If you have a dedicated sound card from Asus with its on drivers, then you need to remove Realtek complete and disable the on-board audio. That will at least eliminate confusion for both you and your PC.

Once you have done that, try connecting the HD Audio cable to the audio card, not your motherboard and the problem will solve itself when you boot your system.

Now if you are talking about the audio processor on your graphics card, then you can't use that for normal audio processing because it is directly tied to the HDMI.


----------



## satindemon4u (Jan 18, 2012)

Mussels said:


> the rest of what you're asking seems really vague... what sound card are you using? why are you mentioning a video card? what are you trying to do?

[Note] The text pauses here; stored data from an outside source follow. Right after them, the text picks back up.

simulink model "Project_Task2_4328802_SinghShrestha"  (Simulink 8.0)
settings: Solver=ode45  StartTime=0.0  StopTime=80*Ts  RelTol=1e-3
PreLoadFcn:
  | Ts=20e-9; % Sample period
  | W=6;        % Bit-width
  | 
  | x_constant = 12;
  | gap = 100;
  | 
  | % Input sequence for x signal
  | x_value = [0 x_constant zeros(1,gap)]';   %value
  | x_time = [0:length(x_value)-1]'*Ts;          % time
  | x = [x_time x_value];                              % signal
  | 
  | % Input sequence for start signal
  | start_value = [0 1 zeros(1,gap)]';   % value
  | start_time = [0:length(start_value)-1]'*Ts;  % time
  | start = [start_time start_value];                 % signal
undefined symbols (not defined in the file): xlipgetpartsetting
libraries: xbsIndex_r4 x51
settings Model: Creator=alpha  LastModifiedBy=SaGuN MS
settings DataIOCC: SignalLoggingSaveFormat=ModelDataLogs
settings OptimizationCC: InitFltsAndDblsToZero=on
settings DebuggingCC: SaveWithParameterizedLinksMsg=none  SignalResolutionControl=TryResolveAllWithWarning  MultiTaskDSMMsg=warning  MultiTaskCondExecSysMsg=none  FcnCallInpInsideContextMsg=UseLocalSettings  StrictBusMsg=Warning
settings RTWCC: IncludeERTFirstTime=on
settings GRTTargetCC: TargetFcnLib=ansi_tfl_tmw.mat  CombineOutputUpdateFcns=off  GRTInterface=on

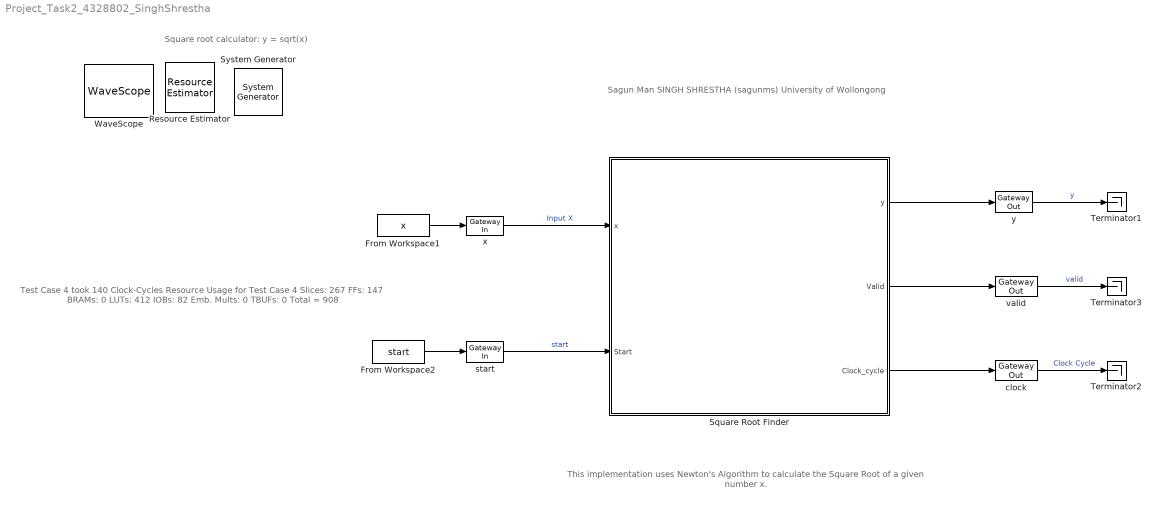
== system Project_Task2_4328802_SinghShrestha ==
  note: Square root calculator: y = sqrt(x)
  note: Sagun Man SINGH SHRESTHA
      | (sagunms)
      | University of Wollongong
  note: Test Case 4 took 140 Clock-Cycles
      |
      | Resource Usage for Test Case 4
      | Slices: 267
      | FFs: 147
      | BRAMs: 0
      | LUTs: 412
      | IOBs: 82
      | Emb. Mults: 0
      | TBUFs: 0
      | Total = 908
  note: This implementation uses Newton's Algorithm to calculate the Square Root of a given number x.
  " System Generator" : xbsIndex_r4/ System Generator  Tag=genX  xilinxfamily=spartan3e  part=xc3s500e  speed=-4  package=fg320  synthesis_tool=XST  clock_wrapper=Clock Enables  directory=./ise  proj_type=Project Navigator  Synth_file=XST Defaults  Impl_file=ISE Defaults  testbench=off  simulink_period=Ts  sysclk_period=20  dcm_input_clock_period=100  incr_netlist=off  trim_vbits=Everywhere in SubSystem  dbl_ovrd=According to Block Masks  core_generation=According to Block Masks  run_coregen=off  deprecated_control=off  eval_field=0  block_type=sysgen
      settings: block_version=8.2.02
  From Workspace1 : FromWorkspace  VariableName=x  SampleTime=Ts  Interpolate=off  OutputAfterFinalValue=Holding final value
  From Workspace2 : FromWorkspace  VariableName=start  SampleTime=Ts  Interpolate=off  OutputAfterFinalValue=Holding final value
  Resource Estimator : xbsIndex_r4/Resource Estimator  Tag=resEstTag  Slices=267  FFs=147  BRAMs=0  LUTs=412  IOBs=82  EBMs=0  TBUFs=0  xl_use_estimator_area=off  est_options=Estimate  xl_estimator_area="[ 267  147    0  412   82    0    0 ]"  block_type=resource_estimator
      settings: AttributesFormatString=Resource\nEstimator  block_version=11.4
  Square Root Finder : Subsystem
  Terminator1 : Terminator
  Terminator2 : Terminator
  Terminator3 : Terminator
  WaveScope : xbsIndex_r4/WaveScope  block_type=wavescope
      settings: block_version=8.2.02
  clock : xbsIndex_r4/Gateway Out  inherit_from_input=off  hdl_port=on  timing_constraint=None  locs_specified=off  LOCs={'F9'}  UseAsDAC=off  DACChannel='1'  block_type=gatewayout
      settings: infoedit="Gateway out block.  Converts Xilinx fixed point inputs into ouputs of type Simulink integer, double, or fixed point.<P><P>Hardware notes:  In hardware these blocks become top level output ports or are discarded, depending on how they are configured."  xl_area=[0 0 0 0 40 0 0]  block_version=8.2.02
  start : xbsIndex_r4/Gateway In  gui_display_data_type=Fixed-point  arith_type=Boolean  n_bits=W  bin_pt=0  preci_type=Single  exp_width=8  frac_width=24  quantization="Round  (unbiased: +/- Inf)"  overflow=Wrap  period=Ts  dbl_ovrd=off  timing_constraint=None  locs_specified=off  LOCs={'V16'}  UseAsADC=off  ADCChannel='1'  inherit_from_input=off  hdl_port=on  block_type=gatewayin
      settings: infoedit="Gateway in block.  Converts inputs of type Simulink integer, double and fixed point to  Xilinx fixed point type.<P><P>Hardware notes:  In hardware these blocks become top level input ports."  xl_area=[0 0 0 0 1 0 0]  block_version=8.2.02
  valid : xbsIndex_r4/Gateway Out  inherit_from_input=off  hdl_port=on  timing_constraint=None  locs_specified=off  LOCs={'F9'}  UseAsDAC=off  DACChannel='1'  block_type=gatewayout
      settings: infoedit="Gateway out block.  Converts Xilinx fixed point inputs into ouputs of type Simulink integer, double, or fixed point.<P><P>Hardware notes:  In hardware these blocks become top level output ports or are discarded, depending on how they are configured."  xl_area=[0 0 0 0 1 0 0]  block_version=8.2.02
  x : xbsIndex_r4/Gateway In  gui_display_data_type=Fixed-point  arith_type=Unsigned  n_bits=W  bin_pt=0  preci_type=Single  exp_width=8  frac_width=24  quantization="Round  (unbiased: +/- Inf)"  overflow=Wrap  period=Ts  dbl_ovrd=off  timing_constraint=None  locs_specified=off  LOCs={'V16'}  UseAsADC=off  ADCChannel='1'  inherit_from_input=off  hdl_port=on  block_type=gatewayin
      settings: infoedit="Gateway in block.  Converts inputs of type Simulink integer, double and fixed point to  Xilinx fixed point type.<br><br>Hardware notes:  In hardware these blocks become top level input ports."  xl_area=[0 0 0 0 20 0 0]  block_version=8.2.02
  y : xbsIndex_r4/Gateway Out  inherit_from_input=off  hdl_port=on  timing_constraint=None  locs_specified=off  LOCs={'F9'}  UseAsDAC=off  DACChannel='1'  block_type=gatewayout
      settings: infoedit="Gateway out block.  Converts Xilinx fixed point inputs into ouputs of type Simulink integer, double, or fixed point.<P><P>Hardware notes:  In hardware these blocks become top level output ports or are discarded, depending on how they are configured."  xl_area=[0 0 0 0 20 0 0]  block_version=8.2.02
  wires:
  From Workspace1/1 -> x/1
  From Workspace2/1 -> start/1
  clock/1 -> Terminator2/1  "Clock Cycle"
  x/1 -> Square Root Finder/1(x)  "Input X"
  start/1 -> Square Root Finder/2(Start)  "start"
  Square Root Finder/1(y) -> y/1
  Square Root Finder/2(Valid) -> valid/1
  Square Root Finder/3(Clock_cycle) -> clock/1
  y/1 -> Terminator1/1  "y"
  valid/1 -> Terminator3/1  "valid"

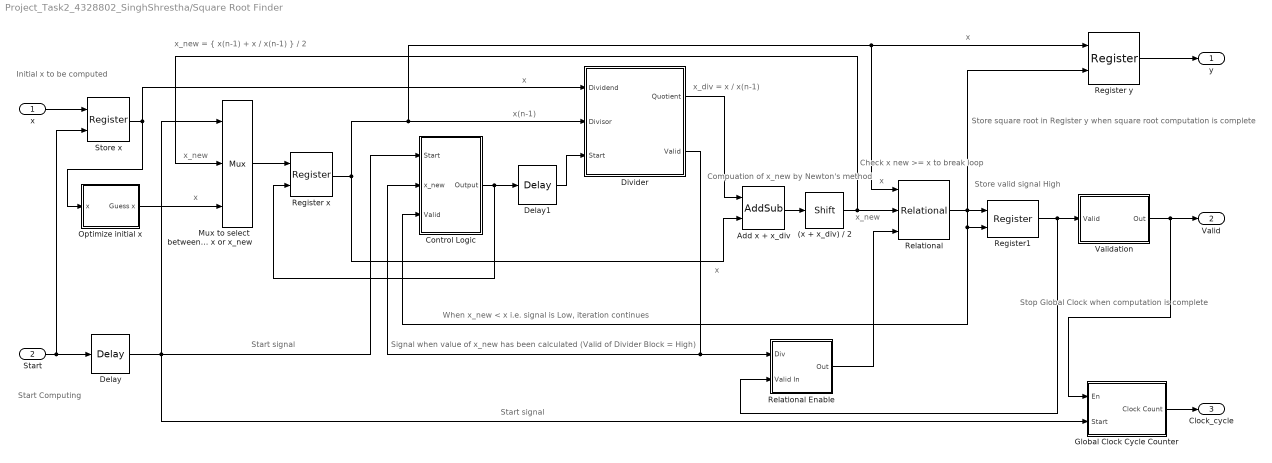
== system Project_Task2_4328802_SinghShrestha/Square Root Finder ==
  note: When x_new < x i.e. signal is Low, iteration continues
  note: x
  note: x_div = x / x(n-1)
  note: x_new = { x(n-1) + x / x(n-1) } / 2
  note: x
  note: Check x new >= x
      | to break loop
  note: x_new
  note: x
  note: Store valid signal High
  note: x
  note: Start Computing
  note: x(n-1)
  note: x_new
  note: Initial x to be computed
  note: Store square root in Register y
      | when square root computation
      | is complete
  note: Start signal
  note: x
  note: Start signal
  note: Signal when value of x_new has been calculated (Valid of Divider Block = High)
  note: Compuation of x_new by
      | Newton's method
  note: Stop Global Clock when
      | computation is complete
  x : Inport
  Start : Inport  Port=2
  (x + x_div) / 2 : xbsIndex_r4/Shift  shift_dir=Right  shift_bits=1  en=off  latency=0  precision=Full  arith_type="Signed  (2's comp)"  n_bits=16  bin_pt=14  quantization=Truncate  overflow=Wrap  dbl_ovrd=off  block_type=shift
      settings: xl_area=[0 0 0 0 0 0 0]
  Add x + x_div : xbsIndex_r4/AddSub  mode=Addition  use_carryin=off  use_carryout=off  en=off  latency=0  precision=User Defined  arith_type=Unsigned  n_bits=W  bin_pt=0  quantization=Truncate  overflow=Wrap  dbl_ovrd=off  use_behavioral_HDL=off  hw_selection=Fabric  pipelined=off  use_rpm=on  block_type=addsub
      settings: xl_area=[10 0 0 20 0 0 0]  block_version=8.2.02
  Control Logic : Subsystem
  Delay : xbsIndex_r4/Delay  rst=off  infoeditControl=Selection of Reset will increase slice count due to use of real FFs and instead of SRLs  en=off  latency=1  dbl_ovrd=off  reg_retiming=off  block_type=delay
      settings: infoedit=Hardware notes: A delay line is a chain, each link of which is an SRL16 followed by a flip-flop. If register retiming is enabled, the delay line is a chain of flip-flops.  xl_area=[1 1 0 0 0 0 0]  block_version=8.2.02
  Delay1 : xbsIndex_r4/Delay  rst=off  infoeditControl=Selection of Reset will increase slice count due to use of real FFs and instead of SRLs  en=off  latency=1  dbl_ovrd=off  reg_retiming=off  block_type=delay
      settings: infoedit=Hardware notes: A delay line is a chain, each link of which is an SRL16 followed by a flip-flop. If register retiming is enabled, the delay line is a chain of flip-flops.  xl_area=[1 1 0 0 0 0 0]  block_version=8.2.02
  Divider : Subsystem
  Global Clock Cycle Counter : Subsystem
  Mux to select  between x or x_new : xbsIndex_r4/Mux  inputs=2  en=off  latency=0  precision=Full  arith_type=Unsigned  n_bits=16  bin_pt=14  quantization=Truncate  overflow=Wrap  dbl_ovrd=off  block_type=mux
      settings: xl_area=[10 0 0 20 0 0 0]  block_version=8.2.02
  Optimize initial x : Subsystem
  Register x : xbsIndex_r4/Register  init=0  rst=off  en=on  dbl_ovrd=off  block_type=register
      settings: xl_area=[10 20 0 0 0 0 0]  block_version=8.2.02
  Register y : xbsIndex_r4/Register  init=0  rst=off  en=on  dbl_ovrd=off  block_type=register
      settings: xl_area=[10 20 0 0 0 0 0]  block_version=11.4
  Register1 : xbsIndex_r4/Register  init=0  rst=off  en=on  dbl_ovrd=off  block_type=register
      settings: xl_area=[1 1 0 0 0 0 0]  block_version=11.4
  Relational : xbsIndex_r4/Relational  mode=a<=b  en=on  latency=1  dbl_ovrd=off  block_type=relational
      settings: xl_area=[11 1 0 21 0 0 0]  block_version=8.2.02
  Relational Enable : Subsystem
  Store x : xbsIndex_r4/Register  init=0  rst=off  en=on  dbl_ovrd=off  block_type=register
      settings: xl_area=[10 20 0 0 0 0 0]  block_version=8.2.02
  Validation : Subsystem
  y : Outport
  Valid : Outport  Port=2
  Clock_cycle : Outport  Port=3
  wires:
  Store x/1 -> Optimize initial x/1(x), Divider/1(Dividend)
  Start/1 -> Delay/1, Store x/2
  Delay/1 -> Global Clock Cycle Counter/2(Start), Control Logic/1(Start), Mux to select  between x or x_new/1
  Mux to select  between x or x_new/1 -> Register x/1
  Register x/1 -> Add x + x_div/2, Divider/2(Divisor), Register y/1, Relational/1
  Register1/1 -> Relational Enable/2(Valid In), Validation/1(Valid)
  Relational/1 -> Control Logic/3(Valid), Register1/2, Register y/2, Register1/1
  Control Logic/1(Output) -> Delay1/1, Register x/2
  Divider/1(Quotient) -> Add x + x_div/1
  Delay1/1 -> Divider/3(Start)
  Relational Enable/1(Out) -> Relational/3
  Validation/1(Out) -> Valid/1, Global Clock Cycle Counter/1(En)
  Register y/1 -> y/1
  x/1 -> Store x/1
  Global Clock Cycle Counter/1(Clock Count) -> Clock_cycle/1
  Optimize initial x/1(Guess x) -> Mux to select  between x or x_new/3
  Add x + x_div/1 -> (x + x_div) / 2/1
  (x + x_div) / 2/1 -> Relational/2, Mux to select  between x or x_new/2
  Divider/2(Valid) -> Control Logic/2(x_new), Relational Enable/1(Div)

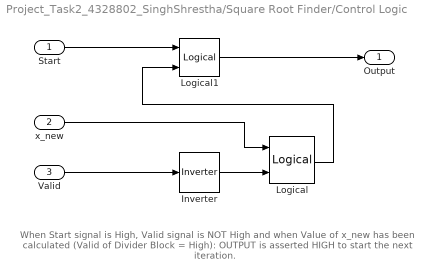
== system Project_Task2_4328802_SinghShrestha/Square Root Finder/Control Logic ==
  note: When Start signal is High, Valid signal is NOT High
      | and when Value of x_new has been calculated (Valid of Divider Block = High):
      | OUTPUT is asserted HIGH to start the next iteration.
  Start : Inport
  x_new : Inport  Port=2
  Valid : Inport  Port=3
  Inverter : xbsIndex_r4/Inverter  en=off  latency=0  dbl_ovrd=off  block_type=inv
      settings: xl_area=[0 0 0 0 0 0 0]  block_version=11.4
  Logical : xbsIndex_r4/Logical  logical_function=AND  inputs=2  en=off  latency=0  precision=Full  arith_type=Unsigned  n_bits=16  bin_pt=0  align_bp=on  dbl_ovrd=off  block_type=logical
      settings: xl_area=[1 0 0 1 0 0 0]  block_version=11.4
  Logical1 : xbsIndex_r4/Logical  logical_function=OR  inputs=2  en=off  latency=0  precision=Full  arith_type=Unsigned  n_bits=16  bin_pt=0  align_bp=on  dbl_ovrd=off  block_type=logical
      settings: xl_area=[1 0 0 1 0 0 0]  block_version=11.4
  Output : Outport
  wires:
  Logical/1 -> Logical1/2
  Valid/1 -> Inverter/1
  Logical1/1 -> Output/1
  Inverter/1 -> Logical/2
  x_new/1 -> Logical/1
  Start/1 -> Logical1/1

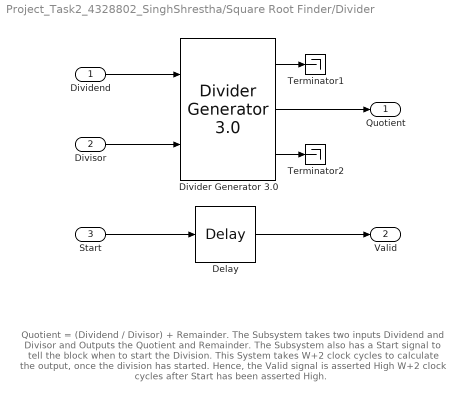
== system Project_Task2_4328802_SinghShrestha/Square Root Finder/Divider ==
  note: Quotient = (Dividend / Divisor) + Remainder.
      |
      | The Subsystem takes two inputs Dividend and Divisor and Outputs the Quotient and Remainder.
      | The Subsystem also has a Start signal to tell the block when to start the Division.
      |
      | This System takes W+2 clock cycles to calculate the output, once the division has started.
      | Hence, the Valid signal is asserted High W+2 clock cycles after Start has been asserted High.
  Dividend : Inport
  Divisor : Inport  Port=2
  Start : Inport  Port=3
  Delay : xbsIndex_r4/Delay  rst=off  infoeditControl=Selection of Reset will increase slice count due to use of real FFs and instead of SRLs  en=off  latency=W+2  dbl_ovrd=off  reg_retiming=off  block_type=delay
      settings: xl_area=[2 2 0 2 0 0 0]  block_version=11.4
  "Divider Generator 3.0 " : xbsIndex_r4/Divider Generator 3.0   dividend_and_quotient_width=W  divisor_width=W  algorithm_type=Radix2  remainder_type=Remainder  fractional_width=16  clocks_per_division=1  divide_by_zero_detect=off  latency_configuration=Automatic  latency=20  ce=off  sclr=off  sclr_ce_priority=SCLR_overrides_CE  operand_sign=Signed  ip_name=Divider Generator  ip_version=3.0  dsptool_ready=true  wrapper_available=true  port_translation_map={ 'ce' => 'en', 'sclr' => 'rst' }  ipcore_fpga_part=xlipgetpartsetting(gcb, {'virtex4', 'xc4vsx35', '-10', 'ff668'})  ipcore_verbose=false  block_type=div_gen_v3_0
      settings: xl_area=[672 1282 0 439 0 0 0]  block_version=11.4
  Terminator1 : Terminator
  Terminator2 : Terminator
  Quotient : Outport
  Valid : Outport  Port=2
  wires:
  "Divider Generator 3.0 "/1 -> Terminator1/1
  Dividend/1 -> "Divider Generator 3.0 "/1
  "Divider Generator 3.0 "/2 -> Quotient/1
  Divisor/1 -> "Divider Generator 3.0 "/2
  "Divider Generator 3.0 "/3 -> Terminator2/1
  Start/1 -> Delay/1
  Delay/1 -> Valid/1

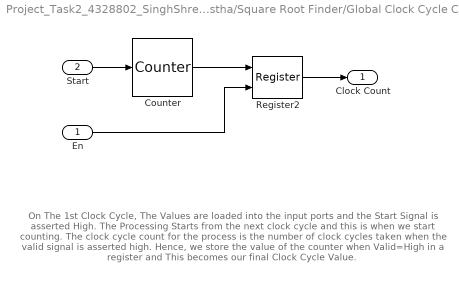
== system Project_Task2_4328802_SinghShrestha/Square Root Finder/Global Clock Cycle Counter ==
  note: On The 1st Clock Cycle, The Values are loaded into the input ports and the Start Signal is asserted High.
      |
      | The Processing Starts from the next clock cycle and this is when we start counting.
      | The clock cycle count for the process is the number of clock cycles taken when the valid signal is asserted high.
      |
      | Hence, we store the value of the counter when Valid=High in a register and This becomes our final Clock Cycle Value.
  En : Inport
  Start : Inport  Port=2
  Counter : xbsIndex_r4/Counter  cnt_type=Free Running  cnt_to=Inf  operation=Up  start_count=1  cnt_by_val=1  arith_type=Unsigned  n_bits=2*W  bin_pt=0  load_pin=off  rst=on  en=off  explicit_period=off  period=1  dbl_ovrd=off  use_behavioral_HDL=off  implementation=Fabric  use_rpm=off  block_type=counter
      settings: xl_area=[21 40 0 40 0 0 0]  block_version=8.2.02
  Register2 : xbsIndex_r4/Register  init=0  rst=off  en=on  dbl_ovrd=off  block_type=register
      settings: xl_area=[20 40 0 0 0 0 0]  block_version=11.4
  Clock Count : Outport
  wires:
  Counter/1 -> Register2/1
  Register2/1 -> Clock Count/1
  Start/1 -> Counter/1
  En/1 -> Register2/2

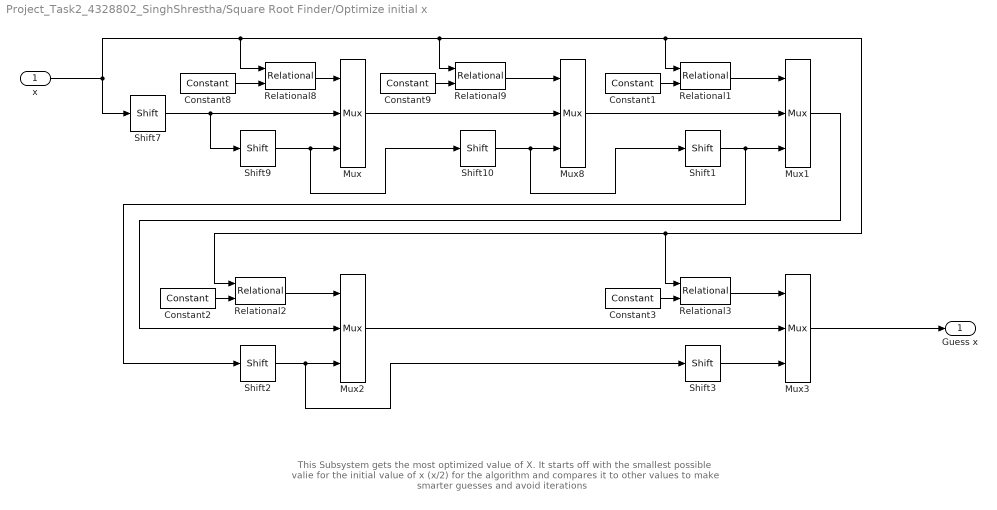
== system Project_Task2_4328802_SinghShrestha/Square Root Finder/Optimize initial x ==
  note: This Subsystem gets the most optimized value of X.
      | It starts off with the smallest possible valie for the initial value of x (x/2) for
      | the algorithm and compares it to other values to make smarter guesses and avoid iterations
  x : Inport
  Constant1 : xbsIndex_r4/Constant  const=256  gui_display_data_type=Fixed-point  arith_type=Unsigned  n_bits=2*W  bin_pt=0  preci_type=Single  exp_width=8  frac_width=24  explicit_period=on  period=1  equ=P=C  opselect=C  inp2=PCIN>>17  opr=+  inp1=P  carry=CIN  dbl_ovrd=off  block_type=constant
      settings: block_version=11.4
  Constant2 : xbsIndex_r4/Constant  const=1024  gui_display_data_type=Fixed-point  arith_type=Unsigned  n_bits=2*W  bin_pt=0  preci_type=Single  exp_width=8  frac_width=24  explicit_period=on  period=1  equ=P=C  opselect=C  inp2=PCIN>>17  opr=+  inp1=P  carry=CIN  dbl_ovrd=off  block_type=constant
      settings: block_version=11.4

The soundcard is an ASUS Xonar DX. I have to use it since at some point a while back I blew out my onboard sound. Did I mention a video card? Will have to revise that since it definitely has nothing to do with this, haha. And what I am trying to do is to get my front panel audio to work. Currently it does not.


----------



## TheLaughingMan (Jan 18, 2012)

satindemon4u said:


> The soundcard is an ASUS Xonar DX. I have to use it since at some point a while back I blew out my onboard sound. Did I mention a video card? Will have to revise that since it definitely has nothing to do with this, haha. And what I am trying to do is to get my front panel audio to work. Currently it does not.



Everything else I said still applies.


----------



## satindemon4u (Jan 18, 2012)

Audio card has nowhere to plug in the front panel audio. Video card no longer applies and realtek has been gone for months


----------



## Crap Daddy (Jan 18, 2012)

satindemon4u said:


> Audio card has nowhere to plug in the front panel audio. Video card no longer applies and realtek has been gone for months



Yes it has. Check your manual.


----------



## satindemon4u (Jan 18, 2012)

It has one plug in.  That being for external power from my psu


----------



## Crap Daddy (Jan 18, 2012)

satindemon4u said:


> It has one plug in.  That being for external power from my psu



That's in the back. Look on the PCB left up, there are some pins there. Don't you have a manual?


----------



## mudkip (Jan 18, 2012)

Xonar DX actually does have a front panel connector. My D2 unfortunately doesn't have one


----------



## satindemon4u (Jan 18, 2012)

Crap Daddy said:


> That's in the back. Look on the PCB left up, there are some pins there. Don't you have a manual?



Well I do but I'm not home right now haha. Replying via mobile ftw. Anyway I will check when I get home. You guys must be right


----------



## TheLaughingMan (Jan 18, 2012)

Toward the front of the card. The pins on that green bar labeled "Front Panel". I do believe the front panel audio would plug in there.


----------



## satindemon4u (Jan 18, 2012)

Oh wow thanks


----------